Problem requirements
Reproduce word for word the lines between those holding "line L7 (-16.0781, 3.7665)" and "spline S6 degree", inclusive, and nothing else from the data below.

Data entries
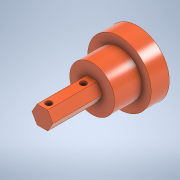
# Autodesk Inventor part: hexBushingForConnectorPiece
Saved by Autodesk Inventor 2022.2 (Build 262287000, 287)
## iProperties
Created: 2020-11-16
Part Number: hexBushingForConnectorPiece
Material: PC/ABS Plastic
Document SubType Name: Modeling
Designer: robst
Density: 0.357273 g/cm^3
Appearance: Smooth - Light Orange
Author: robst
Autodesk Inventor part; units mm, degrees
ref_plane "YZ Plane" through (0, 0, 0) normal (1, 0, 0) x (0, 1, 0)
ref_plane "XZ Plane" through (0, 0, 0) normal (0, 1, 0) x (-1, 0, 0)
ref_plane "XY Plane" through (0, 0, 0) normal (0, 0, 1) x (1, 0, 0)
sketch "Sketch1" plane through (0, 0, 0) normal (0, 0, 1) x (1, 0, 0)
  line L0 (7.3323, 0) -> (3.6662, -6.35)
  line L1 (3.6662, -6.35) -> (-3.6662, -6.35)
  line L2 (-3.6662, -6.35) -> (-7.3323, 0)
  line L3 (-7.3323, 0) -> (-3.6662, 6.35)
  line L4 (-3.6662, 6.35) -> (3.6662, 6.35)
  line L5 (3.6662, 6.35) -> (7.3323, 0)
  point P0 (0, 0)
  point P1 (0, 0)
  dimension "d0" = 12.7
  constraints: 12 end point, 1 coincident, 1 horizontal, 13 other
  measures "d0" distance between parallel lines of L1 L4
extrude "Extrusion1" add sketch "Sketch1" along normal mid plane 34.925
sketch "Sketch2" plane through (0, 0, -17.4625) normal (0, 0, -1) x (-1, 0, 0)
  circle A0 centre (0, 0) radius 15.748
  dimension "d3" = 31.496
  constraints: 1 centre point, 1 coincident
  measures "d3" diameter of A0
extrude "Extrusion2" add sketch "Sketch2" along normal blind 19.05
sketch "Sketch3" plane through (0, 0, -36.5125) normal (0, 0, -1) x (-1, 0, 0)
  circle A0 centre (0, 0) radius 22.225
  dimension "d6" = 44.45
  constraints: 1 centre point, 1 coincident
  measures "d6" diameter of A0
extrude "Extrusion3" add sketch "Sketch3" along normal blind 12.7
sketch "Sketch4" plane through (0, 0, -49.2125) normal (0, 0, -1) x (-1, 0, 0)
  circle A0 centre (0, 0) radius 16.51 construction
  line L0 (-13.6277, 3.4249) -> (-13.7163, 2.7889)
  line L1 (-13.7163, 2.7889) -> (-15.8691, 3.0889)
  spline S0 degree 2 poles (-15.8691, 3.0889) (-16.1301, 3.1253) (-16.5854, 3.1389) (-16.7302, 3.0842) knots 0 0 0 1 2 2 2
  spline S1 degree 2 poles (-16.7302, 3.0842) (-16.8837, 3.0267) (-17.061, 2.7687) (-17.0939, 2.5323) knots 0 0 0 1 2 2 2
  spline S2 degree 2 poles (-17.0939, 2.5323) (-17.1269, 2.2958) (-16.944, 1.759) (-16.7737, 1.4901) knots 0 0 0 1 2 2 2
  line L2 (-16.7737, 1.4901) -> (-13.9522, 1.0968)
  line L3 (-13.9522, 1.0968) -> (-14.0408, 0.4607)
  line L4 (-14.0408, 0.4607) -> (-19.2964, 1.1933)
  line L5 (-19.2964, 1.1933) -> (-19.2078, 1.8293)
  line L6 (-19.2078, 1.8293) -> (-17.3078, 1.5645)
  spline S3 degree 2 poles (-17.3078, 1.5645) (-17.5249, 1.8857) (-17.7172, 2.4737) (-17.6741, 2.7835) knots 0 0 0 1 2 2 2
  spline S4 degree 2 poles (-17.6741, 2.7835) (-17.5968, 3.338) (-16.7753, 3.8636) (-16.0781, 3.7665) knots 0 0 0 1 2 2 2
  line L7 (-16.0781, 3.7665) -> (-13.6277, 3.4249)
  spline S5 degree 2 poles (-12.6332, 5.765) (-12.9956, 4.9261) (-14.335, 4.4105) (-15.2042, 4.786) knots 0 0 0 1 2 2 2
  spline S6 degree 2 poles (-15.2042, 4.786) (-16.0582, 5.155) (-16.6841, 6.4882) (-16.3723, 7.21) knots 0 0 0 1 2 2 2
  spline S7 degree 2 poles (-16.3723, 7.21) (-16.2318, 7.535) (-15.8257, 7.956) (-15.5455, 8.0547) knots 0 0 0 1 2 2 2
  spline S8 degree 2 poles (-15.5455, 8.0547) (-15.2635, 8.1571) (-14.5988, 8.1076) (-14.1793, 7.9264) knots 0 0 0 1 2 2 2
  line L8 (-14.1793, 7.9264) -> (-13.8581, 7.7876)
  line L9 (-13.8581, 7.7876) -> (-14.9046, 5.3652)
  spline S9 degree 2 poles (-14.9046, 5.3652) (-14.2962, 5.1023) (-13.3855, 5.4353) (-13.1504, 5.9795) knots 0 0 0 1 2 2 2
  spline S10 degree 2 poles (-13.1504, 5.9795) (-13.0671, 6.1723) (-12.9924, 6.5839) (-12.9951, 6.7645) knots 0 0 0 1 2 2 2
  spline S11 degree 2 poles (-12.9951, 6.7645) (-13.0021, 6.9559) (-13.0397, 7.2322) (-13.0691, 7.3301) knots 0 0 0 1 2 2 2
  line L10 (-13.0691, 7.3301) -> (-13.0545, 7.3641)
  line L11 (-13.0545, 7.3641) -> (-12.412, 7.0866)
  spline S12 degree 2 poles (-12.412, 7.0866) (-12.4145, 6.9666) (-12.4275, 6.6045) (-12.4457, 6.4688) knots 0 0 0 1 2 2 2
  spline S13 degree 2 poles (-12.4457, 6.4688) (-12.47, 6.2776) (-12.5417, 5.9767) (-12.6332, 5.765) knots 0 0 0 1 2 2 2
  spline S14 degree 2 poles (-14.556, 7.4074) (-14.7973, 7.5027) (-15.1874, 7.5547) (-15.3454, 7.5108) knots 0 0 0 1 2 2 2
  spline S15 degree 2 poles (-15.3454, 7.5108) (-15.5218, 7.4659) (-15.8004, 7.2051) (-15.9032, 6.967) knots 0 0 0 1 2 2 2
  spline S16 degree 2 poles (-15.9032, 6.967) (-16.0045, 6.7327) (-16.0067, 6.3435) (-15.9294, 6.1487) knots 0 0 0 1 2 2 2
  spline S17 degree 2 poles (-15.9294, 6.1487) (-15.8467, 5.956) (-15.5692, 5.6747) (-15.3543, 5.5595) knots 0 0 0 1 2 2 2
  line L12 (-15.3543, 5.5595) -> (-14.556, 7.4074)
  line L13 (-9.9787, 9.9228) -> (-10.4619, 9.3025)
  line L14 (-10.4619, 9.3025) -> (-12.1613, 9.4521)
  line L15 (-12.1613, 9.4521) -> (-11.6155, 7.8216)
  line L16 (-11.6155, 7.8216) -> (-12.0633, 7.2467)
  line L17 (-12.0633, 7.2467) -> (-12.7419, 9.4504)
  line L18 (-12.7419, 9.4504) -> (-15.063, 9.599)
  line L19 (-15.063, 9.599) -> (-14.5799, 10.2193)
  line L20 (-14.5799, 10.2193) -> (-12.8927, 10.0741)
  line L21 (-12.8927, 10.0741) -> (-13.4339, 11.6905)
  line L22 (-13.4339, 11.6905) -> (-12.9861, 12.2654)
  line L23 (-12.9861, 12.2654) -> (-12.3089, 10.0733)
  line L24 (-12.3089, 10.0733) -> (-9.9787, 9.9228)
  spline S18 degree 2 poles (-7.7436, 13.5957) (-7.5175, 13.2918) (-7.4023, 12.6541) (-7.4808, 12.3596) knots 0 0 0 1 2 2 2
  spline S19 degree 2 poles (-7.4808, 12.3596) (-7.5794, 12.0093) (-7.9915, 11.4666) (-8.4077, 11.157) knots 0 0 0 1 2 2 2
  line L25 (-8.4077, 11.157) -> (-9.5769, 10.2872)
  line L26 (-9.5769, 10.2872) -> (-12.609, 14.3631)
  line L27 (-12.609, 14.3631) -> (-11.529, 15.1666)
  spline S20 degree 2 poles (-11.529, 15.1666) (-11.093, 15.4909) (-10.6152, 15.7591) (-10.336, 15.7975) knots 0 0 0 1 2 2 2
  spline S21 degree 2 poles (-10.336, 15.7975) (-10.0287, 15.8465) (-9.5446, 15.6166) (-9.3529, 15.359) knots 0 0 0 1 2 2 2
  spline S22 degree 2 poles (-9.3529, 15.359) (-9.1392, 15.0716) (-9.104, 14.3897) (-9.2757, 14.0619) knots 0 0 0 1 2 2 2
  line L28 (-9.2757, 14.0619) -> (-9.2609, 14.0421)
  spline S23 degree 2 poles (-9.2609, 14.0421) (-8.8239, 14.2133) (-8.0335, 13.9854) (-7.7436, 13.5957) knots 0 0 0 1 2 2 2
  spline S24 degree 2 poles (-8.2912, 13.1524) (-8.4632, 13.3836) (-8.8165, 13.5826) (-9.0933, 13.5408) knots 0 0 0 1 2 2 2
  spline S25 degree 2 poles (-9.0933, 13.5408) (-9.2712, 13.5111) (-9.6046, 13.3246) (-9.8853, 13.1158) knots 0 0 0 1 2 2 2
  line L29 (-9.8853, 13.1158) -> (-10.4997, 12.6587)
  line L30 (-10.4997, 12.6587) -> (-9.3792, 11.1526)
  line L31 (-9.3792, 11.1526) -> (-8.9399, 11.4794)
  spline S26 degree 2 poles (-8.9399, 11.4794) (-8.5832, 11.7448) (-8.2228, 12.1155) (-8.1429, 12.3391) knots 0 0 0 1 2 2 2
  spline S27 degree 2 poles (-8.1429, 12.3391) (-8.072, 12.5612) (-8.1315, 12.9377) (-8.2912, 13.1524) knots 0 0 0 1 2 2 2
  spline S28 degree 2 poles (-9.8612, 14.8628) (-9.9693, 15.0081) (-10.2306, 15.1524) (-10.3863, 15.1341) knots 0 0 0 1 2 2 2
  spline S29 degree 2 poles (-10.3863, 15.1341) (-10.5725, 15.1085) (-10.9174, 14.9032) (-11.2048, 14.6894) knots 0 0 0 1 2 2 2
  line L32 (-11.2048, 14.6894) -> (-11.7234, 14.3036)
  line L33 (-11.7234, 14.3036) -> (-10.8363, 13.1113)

Result for this exercise
  line L7 (-16.0781, 3.7665) -> (-13.6277, 3.4249)
  spline S5 degree 2 poles (-12.6332, 5.765) (-12.9956, 4.9261) (-14.335, 4.4105) (-15.2042, 4.786) knots 0 0 0 1 2 2 2
  spline S6 degree 2 poles (-15.2042, 4.786) (-16.0582, 5.155) (-16.6841, 6.4882) (-16.3723, 7.21) knots 0 0 0 1 2 2 2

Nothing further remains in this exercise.